Data to examine:
□ □ □ □
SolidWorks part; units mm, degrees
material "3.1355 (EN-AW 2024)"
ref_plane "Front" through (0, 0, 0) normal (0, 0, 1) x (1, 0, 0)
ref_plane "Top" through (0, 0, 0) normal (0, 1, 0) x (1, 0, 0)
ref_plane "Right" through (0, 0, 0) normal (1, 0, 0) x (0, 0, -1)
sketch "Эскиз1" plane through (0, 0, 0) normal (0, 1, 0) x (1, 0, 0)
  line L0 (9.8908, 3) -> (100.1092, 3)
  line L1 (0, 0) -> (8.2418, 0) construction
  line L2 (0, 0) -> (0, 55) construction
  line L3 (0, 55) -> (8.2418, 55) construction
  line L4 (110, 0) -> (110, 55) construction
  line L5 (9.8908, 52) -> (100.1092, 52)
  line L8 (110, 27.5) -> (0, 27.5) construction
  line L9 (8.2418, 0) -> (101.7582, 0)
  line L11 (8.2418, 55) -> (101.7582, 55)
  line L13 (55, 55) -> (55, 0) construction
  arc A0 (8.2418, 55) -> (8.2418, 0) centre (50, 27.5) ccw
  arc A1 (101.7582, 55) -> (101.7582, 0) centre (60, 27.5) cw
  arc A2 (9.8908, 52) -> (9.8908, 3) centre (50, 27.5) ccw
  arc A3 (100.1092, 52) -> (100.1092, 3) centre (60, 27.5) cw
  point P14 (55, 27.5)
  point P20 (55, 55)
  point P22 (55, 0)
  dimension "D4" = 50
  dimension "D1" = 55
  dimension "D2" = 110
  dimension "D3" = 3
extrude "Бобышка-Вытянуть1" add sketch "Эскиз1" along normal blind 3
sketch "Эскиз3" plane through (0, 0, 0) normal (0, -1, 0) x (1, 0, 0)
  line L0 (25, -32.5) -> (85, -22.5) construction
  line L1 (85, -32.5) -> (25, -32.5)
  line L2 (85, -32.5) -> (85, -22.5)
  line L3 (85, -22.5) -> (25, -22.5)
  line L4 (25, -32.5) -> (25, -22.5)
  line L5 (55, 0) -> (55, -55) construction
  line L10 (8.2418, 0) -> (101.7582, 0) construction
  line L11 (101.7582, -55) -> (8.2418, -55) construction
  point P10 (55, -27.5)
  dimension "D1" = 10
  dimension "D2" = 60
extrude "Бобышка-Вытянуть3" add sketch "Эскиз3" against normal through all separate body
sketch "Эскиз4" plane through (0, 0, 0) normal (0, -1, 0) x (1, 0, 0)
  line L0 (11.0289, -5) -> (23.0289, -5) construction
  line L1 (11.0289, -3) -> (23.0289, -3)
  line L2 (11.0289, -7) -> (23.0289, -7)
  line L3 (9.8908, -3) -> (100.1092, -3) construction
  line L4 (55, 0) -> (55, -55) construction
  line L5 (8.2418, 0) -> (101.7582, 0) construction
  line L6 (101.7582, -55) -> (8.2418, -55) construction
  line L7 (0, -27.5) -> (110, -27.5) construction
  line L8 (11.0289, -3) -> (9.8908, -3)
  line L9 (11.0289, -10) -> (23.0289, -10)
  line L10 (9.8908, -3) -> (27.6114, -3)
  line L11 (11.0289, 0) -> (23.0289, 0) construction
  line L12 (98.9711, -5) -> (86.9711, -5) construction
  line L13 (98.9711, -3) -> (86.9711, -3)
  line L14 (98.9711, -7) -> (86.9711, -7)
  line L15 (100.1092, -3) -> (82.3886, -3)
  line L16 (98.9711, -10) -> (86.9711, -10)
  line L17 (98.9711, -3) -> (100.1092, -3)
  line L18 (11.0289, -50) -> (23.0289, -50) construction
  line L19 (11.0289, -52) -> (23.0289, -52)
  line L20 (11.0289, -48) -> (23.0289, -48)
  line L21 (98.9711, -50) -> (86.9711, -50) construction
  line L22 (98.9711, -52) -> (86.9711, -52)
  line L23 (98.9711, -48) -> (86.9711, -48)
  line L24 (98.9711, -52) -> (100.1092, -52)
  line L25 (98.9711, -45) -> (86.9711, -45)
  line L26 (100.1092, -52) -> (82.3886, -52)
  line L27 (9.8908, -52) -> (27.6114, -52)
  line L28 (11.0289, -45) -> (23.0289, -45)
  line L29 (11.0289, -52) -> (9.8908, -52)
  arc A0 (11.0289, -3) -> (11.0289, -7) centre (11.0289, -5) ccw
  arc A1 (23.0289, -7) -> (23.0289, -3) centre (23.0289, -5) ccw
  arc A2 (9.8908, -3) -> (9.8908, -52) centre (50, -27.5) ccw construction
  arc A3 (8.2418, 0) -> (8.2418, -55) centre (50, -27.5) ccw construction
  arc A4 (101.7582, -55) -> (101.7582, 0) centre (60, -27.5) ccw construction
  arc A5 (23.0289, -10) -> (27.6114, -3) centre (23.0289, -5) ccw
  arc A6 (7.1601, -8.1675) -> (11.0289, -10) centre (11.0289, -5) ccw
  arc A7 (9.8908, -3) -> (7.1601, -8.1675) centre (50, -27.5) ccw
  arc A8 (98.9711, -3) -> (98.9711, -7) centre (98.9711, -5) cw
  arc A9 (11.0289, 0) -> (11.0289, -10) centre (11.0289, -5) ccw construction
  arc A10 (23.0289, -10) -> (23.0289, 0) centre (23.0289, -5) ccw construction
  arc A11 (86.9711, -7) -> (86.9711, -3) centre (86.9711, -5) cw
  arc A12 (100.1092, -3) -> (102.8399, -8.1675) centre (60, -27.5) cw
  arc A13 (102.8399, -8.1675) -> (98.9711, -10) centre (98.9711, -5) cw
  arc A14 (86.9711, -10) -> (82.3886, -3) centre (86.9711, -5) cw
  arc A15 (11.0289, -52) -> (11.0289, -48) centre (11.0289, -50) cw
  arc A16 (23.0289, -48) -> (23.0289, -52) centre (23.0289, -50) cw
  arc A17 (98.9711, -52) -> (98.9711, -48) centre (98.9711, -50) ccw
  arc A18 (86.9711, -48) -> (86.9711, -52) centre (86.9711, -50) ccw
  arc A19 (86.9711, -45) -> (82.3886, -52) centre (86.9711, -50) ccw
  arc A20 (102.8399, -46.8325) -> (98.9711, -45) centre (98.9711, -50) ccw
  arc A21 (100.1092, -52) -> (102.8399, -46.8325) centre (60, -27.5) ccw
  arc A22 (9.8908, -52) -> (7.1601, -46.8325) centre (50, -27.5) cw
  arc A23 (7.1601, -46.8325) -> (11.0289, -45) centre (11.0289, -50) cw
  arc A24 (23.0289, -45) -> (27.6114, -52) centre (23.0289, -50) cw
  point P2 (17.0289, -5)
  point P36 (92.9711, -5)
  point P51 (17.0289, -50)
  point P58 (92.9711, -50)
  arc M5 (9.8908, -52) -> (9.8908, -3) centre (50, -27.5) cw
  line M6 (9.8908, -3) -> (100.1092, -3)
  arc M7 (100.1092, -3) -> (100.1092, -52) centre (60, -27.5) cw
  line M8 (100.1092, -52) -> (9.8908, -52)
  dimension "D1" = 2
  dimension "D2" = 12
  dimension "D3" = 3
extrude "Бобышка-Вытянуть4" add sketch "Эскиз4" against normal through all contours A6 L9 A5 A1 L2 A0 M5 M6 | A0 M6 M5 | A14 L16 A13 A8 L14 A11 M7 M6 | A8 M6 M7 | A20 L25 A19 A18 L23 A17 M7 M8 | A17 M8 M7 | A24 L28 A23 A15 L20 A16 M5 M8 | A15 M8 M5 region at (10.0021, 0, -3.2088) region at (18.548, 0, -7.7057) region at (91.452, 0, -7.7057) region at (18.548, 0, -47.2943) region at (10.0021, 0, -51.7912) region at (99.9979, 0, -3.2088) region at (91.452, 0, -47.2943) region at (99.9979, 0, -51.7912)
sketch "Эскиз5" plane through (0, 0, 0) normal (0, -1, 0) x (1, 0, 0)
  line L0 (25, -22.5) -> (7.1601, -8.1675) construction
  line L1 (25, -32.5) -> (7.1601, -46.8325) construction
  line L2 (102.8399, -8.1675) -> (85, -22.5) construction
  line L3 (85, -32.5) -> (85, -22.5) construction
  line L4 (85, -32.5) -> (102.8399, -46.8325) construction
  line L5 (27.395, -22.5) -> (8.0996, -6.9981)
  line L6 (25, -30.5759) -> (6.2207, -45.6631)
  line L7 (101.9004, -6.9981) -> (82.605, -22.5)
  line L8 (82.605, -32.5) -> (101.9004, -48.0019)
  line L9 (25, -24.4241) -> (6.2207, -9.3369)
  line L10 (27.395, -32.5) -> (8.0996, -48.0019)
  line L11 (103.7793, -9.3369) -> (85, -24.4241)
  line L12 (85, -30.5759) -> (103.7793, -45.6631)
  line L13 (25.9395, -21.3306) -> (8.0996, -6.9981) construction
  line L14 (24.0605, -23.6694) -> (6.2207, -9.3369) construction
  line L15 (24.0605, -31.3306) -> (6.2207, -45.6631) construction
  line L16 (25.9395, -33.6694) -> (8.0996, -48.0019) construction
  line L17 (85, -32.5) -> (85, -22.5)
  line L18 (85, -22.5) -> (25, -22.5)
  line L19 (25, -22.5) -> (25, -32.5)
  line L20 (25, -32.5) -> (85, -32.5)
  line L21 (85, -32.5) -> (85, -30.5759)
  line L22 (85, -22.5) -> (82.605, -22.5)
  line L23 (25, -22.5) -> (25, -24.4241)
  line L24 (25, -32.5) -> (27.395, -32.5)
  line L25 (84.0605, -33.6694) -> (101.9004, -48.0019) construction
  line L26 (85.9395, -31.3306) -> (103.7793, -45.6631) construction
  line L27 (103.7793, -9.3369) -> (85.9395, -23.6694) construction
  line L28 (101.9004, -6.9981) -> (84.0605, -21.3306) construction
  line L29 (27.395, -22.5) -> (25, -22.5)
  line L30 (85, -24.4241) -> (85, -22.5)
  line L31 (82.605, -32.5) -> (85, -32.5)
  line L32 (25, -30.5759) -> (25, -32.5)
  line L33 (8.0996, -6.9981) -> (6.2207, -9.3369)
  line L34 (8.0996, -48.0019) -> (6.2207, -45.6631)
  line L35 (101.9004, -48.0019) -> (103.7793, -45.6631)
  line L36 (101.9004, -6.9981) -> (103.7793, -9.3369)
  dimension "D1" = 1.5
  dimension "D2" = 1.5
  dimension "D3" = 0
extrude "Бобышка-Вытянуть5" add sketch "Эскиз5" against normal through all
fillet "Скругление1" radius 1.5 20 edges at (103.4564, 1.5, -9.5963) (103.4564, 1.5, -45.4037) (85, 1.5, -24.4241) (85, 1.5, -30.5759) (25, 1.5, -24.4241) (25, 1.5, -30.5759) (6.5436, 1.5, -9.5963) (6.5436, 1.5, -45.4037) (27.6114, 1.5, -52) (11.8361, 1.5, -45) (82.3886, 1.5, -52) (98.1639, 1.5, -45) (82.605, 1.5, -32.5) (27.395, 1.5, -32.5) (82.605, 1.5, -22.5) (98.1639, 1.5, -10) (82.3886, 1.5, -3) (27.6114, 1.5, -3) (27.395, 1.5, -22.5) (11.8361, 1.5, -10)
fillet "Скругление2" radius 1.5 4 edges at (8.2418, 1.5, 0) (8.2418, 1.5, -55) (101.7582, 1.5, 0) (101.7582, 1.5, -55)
□ □ □ □
Problem requirements: Once you find the line with "line L13 (25.9395, -21.3306)" above, print it and every line after it up to and including the line with "line L19 (25, -22.5) -> (25, -32.5)", exactly as written and nothing else.

Solved exercise:
  line L13 (25.9395, -21.3306) -> (8.0996, -6.9981) construction
  line L14 (24.0605, -23.6694) -> (6.2207, -9.3369) construction
  line L15 (24.0605, -31.3306) -> (6.2207, -45.6631) construction
  line L16 (25.9395, -33.6694) -> (8.0996, -48.0019) construction
  line L17 (85, -32.5) -> (85, -22.5)
  line L18 (85, -22.5) -> (25, -22.5)
  line L19 (25, -22.5) -> (25, -32.5)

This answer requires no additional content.